# Hate-fest on Spurs



## FreeMason Jr. (Jul 12, 2004)

Just thought there should be another one 

But really it's true. People are starting to hate the Spurs. But unlike the Manu and Bowen hate fest this one has a reason. Everyone hates winning teams. That's the reason I hate the Lakers, Eagles, Patriots, and Yankees. But are the Spurs becoming the new lakers to people


----------



## KokoTheMonkey (Aug 4, 2003)

I would ignore it. 




Whiners will be whiners. Whine about Bowen, whine about Manu in the All-Star game, whine about Pop arguing, whine about Duncan whining........again, whiners will be whiners. Let them hate all they want. They just better hope the Spurs don't win it all, because I'm rubbing it in people's faces. 





The Spurs are one of the classiest franchises in sports. Criminals? None. Thugs? None. Ego-maniacs? None. Does anybody in the franchise go publicly for the purpose of complaining about other players/teams? No. They can come up with all of the excuses they want, but it all boils down to jealousy.


----------



## texan (Jul 10, 2003)

We are pretty much the epitomy of what every franchise wants to be. Clean and perrenial contenders. We also, despite what many say, are an exciting team to watch. Everyones hating on the Spurs because they are jealous, so let them hate.


----------



## KokoTheMonkey (Aug 4, 2003)

> Originally posted by <b>texan</b>!
> We are pretty much the epitomy of what every franchise wants to be. Clean and perrenial contenders. We also, despite what many say, are an exciting team to watch. Everyones hating on the Spurs because they are jealous, so let them hate.

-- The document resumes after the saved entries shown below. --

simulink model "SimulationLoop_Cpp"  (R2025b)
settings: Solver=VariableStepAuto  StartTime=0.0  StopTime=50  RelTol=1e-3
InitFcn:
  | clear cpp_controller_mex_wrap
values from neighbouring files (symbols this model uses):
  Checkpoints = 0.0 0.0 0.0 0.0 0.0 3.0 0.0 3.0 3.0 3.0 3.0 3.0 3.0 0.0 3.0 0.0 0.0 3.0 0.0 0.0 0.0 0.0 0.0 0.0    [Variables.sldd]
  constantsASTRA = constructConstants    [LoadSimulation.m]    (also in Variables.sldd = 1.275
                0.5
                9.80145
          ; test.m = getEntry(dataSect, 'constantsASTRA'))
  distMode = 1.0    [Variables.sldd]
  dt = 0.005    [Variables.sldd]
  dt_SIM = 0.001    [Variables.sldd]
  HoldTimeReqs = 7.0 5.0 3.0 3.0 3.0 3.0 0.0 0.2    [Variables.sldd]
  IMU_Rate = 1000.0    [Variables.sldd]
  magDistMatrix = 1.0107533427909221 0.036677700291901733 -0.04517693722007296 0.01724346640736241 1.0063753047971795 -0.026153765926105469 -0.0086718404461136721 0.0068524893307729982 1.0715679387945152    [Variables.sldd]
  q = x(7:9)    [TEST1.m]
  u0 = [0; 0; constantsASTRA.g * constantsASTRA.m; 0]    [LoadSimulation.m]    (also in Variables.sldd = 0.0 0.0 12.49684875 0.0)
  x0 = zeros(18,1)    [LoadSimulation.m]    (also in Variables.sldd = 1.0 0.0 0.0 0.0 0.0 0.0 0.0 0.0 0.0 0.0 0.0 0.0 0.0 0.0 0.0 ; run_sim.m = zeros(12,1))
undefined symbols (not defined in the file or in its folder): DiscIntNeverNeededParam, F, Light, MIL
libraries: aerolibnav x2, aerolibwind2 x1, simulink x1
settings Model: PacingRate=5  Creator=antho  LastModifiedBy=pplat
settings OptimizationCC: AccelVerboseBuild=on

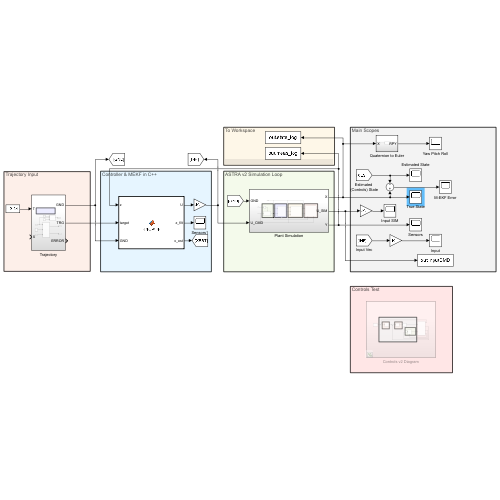
[thumbnail: Simulink's stored preview of the top-level diagram]
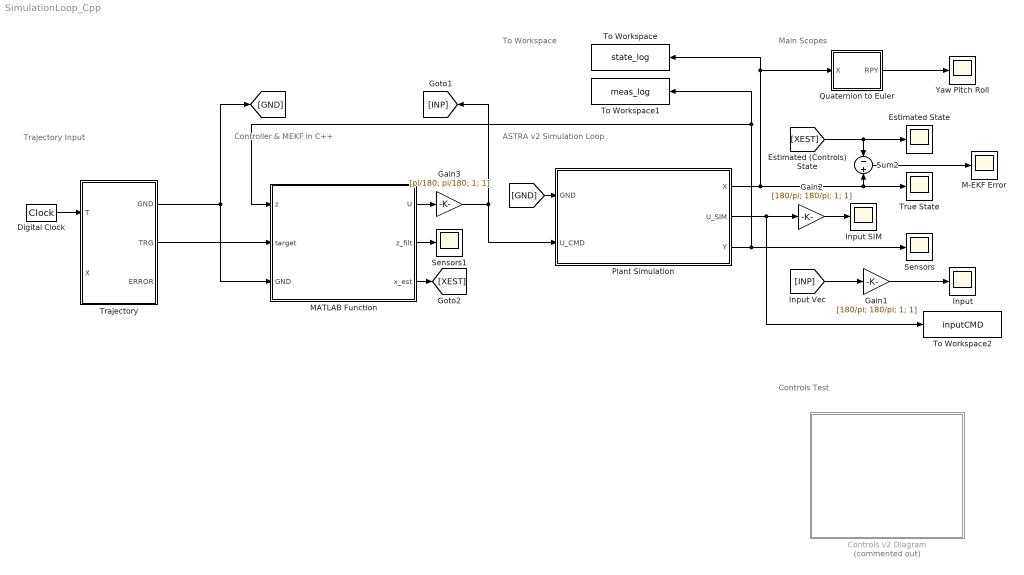
== system SimulationLoop_Cpp ==
  note: To Workspace
  note: Controls Test
  note: Main Scopes
  note: Trajectory Input
  note: Controller & MEKF in C++
  note: ASTRA v2 Simulation Loop
  Controls v2 Diagram : Subsystem  Commented=on
  Digital Clock : DigitalClock  SampleTime=dt_SIM
  Estimated State : Scope
      settings: ActiveDisplayYMinimum=-0.606468253752392  ActiveDisplayYMaximum=3.4359511007845942
  Gain1 : Gain  Gain=[180/pi; 180/pi; 1; 1]
  Gain2 : Gain  Gain=[180/pi; 180/pi; 1; 1]
  Gain3 : Gain  Gain=[pi/180; pi/180; 1; 1]
  Input : Scope
      settings: ActiveDisplayYMinimum=-13.087499976158142  ActiveDisplayYMaximum=17.787499785423279  DataLoggingVariableName=ScopeData6
  Input SIM : Scope
      settings: ActiveDisplayYMinimum=-9.3285969360922252  ActiveDisplayYMaximum=17.369726851522856  DataLoggingVariableName=ScopeData4
  M-EKF Error : Scope
      settings: ActiveDisplayYMinimum=-0.067271632908363993  ActiveDisplayYMaximum=0.0634163897991504  DataLoggingVariableName=ScopeData2
  MATLAB Function : MATLAB Function  TreatAsAtomicUnit=on
  Plant Simulation : Subsystem
  Quaternion to Euler : Subsystem
  Sensors : Scope
      settings: ActiveDisplayYMinimum=-2.5158529896476529  ActiveDisplayYMaximum=2.4618166614919  DataLoggingVariableName=ScopeData3
  Sensors1 : Scope
      settings: ActiveDisplayYMinimum=-5.9307053983211508  ActiveDisplayYMaximum=34.316149324178696  DataLoggingVariableName=ScopeData9
  Sum2 : Sum  Inputs=-|+
  To Workspace : ToWorkspace  VariableName=state_log  SaveFormat=Timeseries  SampleTime=-1
  To Workspace1 : ToWorkspace  VariableName=meas_log  SaveFormat=Timeseries  SampleTime=-1
  To Workspace2 : ToWorkspace  VariableName=inputCMD  SaveFormat=Timeseries  SampleTime=-1
  Trajectory : Subsystem
  True State : Scope
      settings: ActiveDisplayYMinimum=-0.46402431479384865  ActiveDisplayYMaximum=3.346767927011304
  Yaw Pitch Roll : Scope
      settings: ActiveDisplayYMinimum=-2.3625770420783638  ActiveDisplayYMaximum=6.5496164506169734  DataLoggingVariableName=ScopeData7
  wires:
  Digital Clock/1 -> Trajectory/1(T)
  [XEST] -> Sum2/1, Estimated State/1
  Sum2/1 -> M-EKF Error/1
  MATLAB Function/1(U) -> Gain3/1
  Trajectory/1(GND) -> MATLAB Function/3(GND), [GND]
  [INP] -> Gain1/1
  Gain1/1 -> Input/1
  Gain2/1 -> Input SIM/1
  Plant Simulation/2(U_SIM) -> To Workspace2/1, Gain2/1
  Quaternion to Euler/1(RPY) -> Yaw Pitch Roll/1
  [GND] -> Plant Simulation/1(GND)
  Plant Simulation/3(Y) -> To Workspace1/1, MATLAB Function/1(z), Sensors/1
  Plant Simulation/1(X) -> Sum2/2, True State/1, Quaternion to Euler/1(X), To Workspace/1
  Trajectory/2(TRG) -> MATLAB Function/2(target)
  MATLAB Function/2(z_filt) -> Sensors1/1
  MATLAB Function/3(x_est) -> [XEST]
  Gain3/1 -> Plant Simulation/2(U_CMD), [INP]

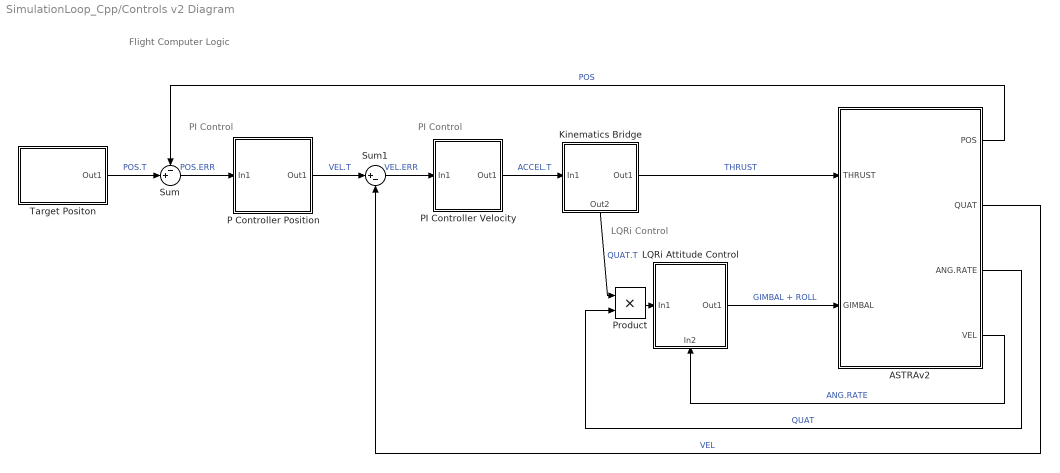
== system SimulationLoop_Cpp/Controls v2 Diagram ==
  note: PI Control
  note: Flight Computer Logic
  note: PI Control
  note: LQRi Control
  ASTRAv2 : Subsystem
  Kinematics Bridge : Subsystem
      settings: PortSchema="{\"entries\":[{\"content\":{\"sides\":[{\"content\":{\"connectorIds\":[\"In1\"]},\"type\":\"ConnectorPlacement.EquallySpacedRectSide\",\"uuid\":\"14f1819f-c5b0-4857-8a3f-059930327852\"},{\"content\":{\"connectorIds\":[\"Out1\"],\"side\":\"RIGHT\"},\"type\":\"ConnectorPlacement.EquallySpacedRectSide\",\"uuid\":\"f1c93ae3-8d17-4b74-967d-9d6328e115fb\"},{\"content\":{\"side\":\"TOP\"},\"type\":\"ConnectorPlacement.EquallySpacedRectSide\",\"uuid\":\"bc82f49d-1f27-4136-b175-63a6ad0dbf5b\"},{\"content\":{\"connectorIds\":[\"Out2\"],\"side\":\"BOTTOM\"},\"type\":\"ConnectorPlacement.EquallySpacedRectSide\",\"uuid\":\"6dcf9527-a6d9-4dea-a2bb-d98c67e6f046\"}]},\"type\":\"ConnectorPlacement.EquallySpacedConnector\",\"uuid\":\"f166f20b-cbf6-467f-83b3-19efe4727134\"}],\"packageUris\":[\"http://schema.mathworks.com/mf0/Connector/R2020b\"],\"version\":\"1.0\"}"
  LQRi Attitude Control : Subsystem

It's not even legit hate either. If they are bitter with Manu for making the ASG, they should be bitter with the coaches that voted him in. Don't "hate" on Manu for being a good player on a great team; Hate the coaches who understand how valuable Manu has been. 




Popovich is a whiner? Look no farther than Mr. Adelman himself if you want the biggest whiner coach in the NBA, which is ironic because it was a Kings fan who suggested this is a reason to hate the Spurs. 




Bowen is dirty? Already been covered. 




Duncan is a cry-baby whiner? Yes, he is, just like Bowen and Manu are, but the NBA is full of whiners. Again, it's ironic because a Kings fan suggested this.





I'm not too worried about it. I'm going to avoid the NBA forum as much as I can because people are taking their hate on the Spurs out on me. I try to be reasonable but I get insults like "idgit" rather than real NBA talk. I'd completely avoid the NBA forum if I wasn't a Mod there.


----------



## HKF (Dec 10, 2002)

Jealously? :laugh: :laugh:


----------



## FreeMason Jr. (Jul 12, 2004)

> Originally posted by <b>KokoTheMonkey</b>!
> 
> 
> 
> ...


It's cuz someone gets mad at a certain thing Pop/Bowen/Tim did against thier team thay makes them get mad and they whine about it on the boards. Then other people who are mad at the spurs for beating thier team see it, ignore all facts against it, and go with it until it just spreads. That is probably what happened to the King's fan who was complaining about the Spurs. He saw those complaints in random boards and started complaining about it to even if thier really isn't much to back it up.


----------



## texan (Jul 10, 2003)

> Originally posted by <b>Hong Kong Fooey</b>!
> Jealously? :laugh: :laugh:


Yeah jealousy. Didn't everyone hate the Lakers b/c they were jealous of how good they were? Add in the fact that Shaq is a ******* and Kobe is a cocky *******, and you have one of the most hated franchises ever. The Spurs have now taken over that role, although they are not hated as nearly as much, b/c they don't have egos like Kobe or Shaq.


----------



## HKF (Dec 10, 2002)

> Originally posted by <b>texan</b>!
> 
> 
> Yeah jealousy. Didn't everyone hate the Lakers b/c they were jealous of how good they were? Add in the fact that Shaq is a ******* and Kobe is a cocky *******, and you have one of the most hated franchises ever. The Spurs have now taken over that role, although they are not hated as nearly as much, b/c they don't have egos like Kobe or Shaq.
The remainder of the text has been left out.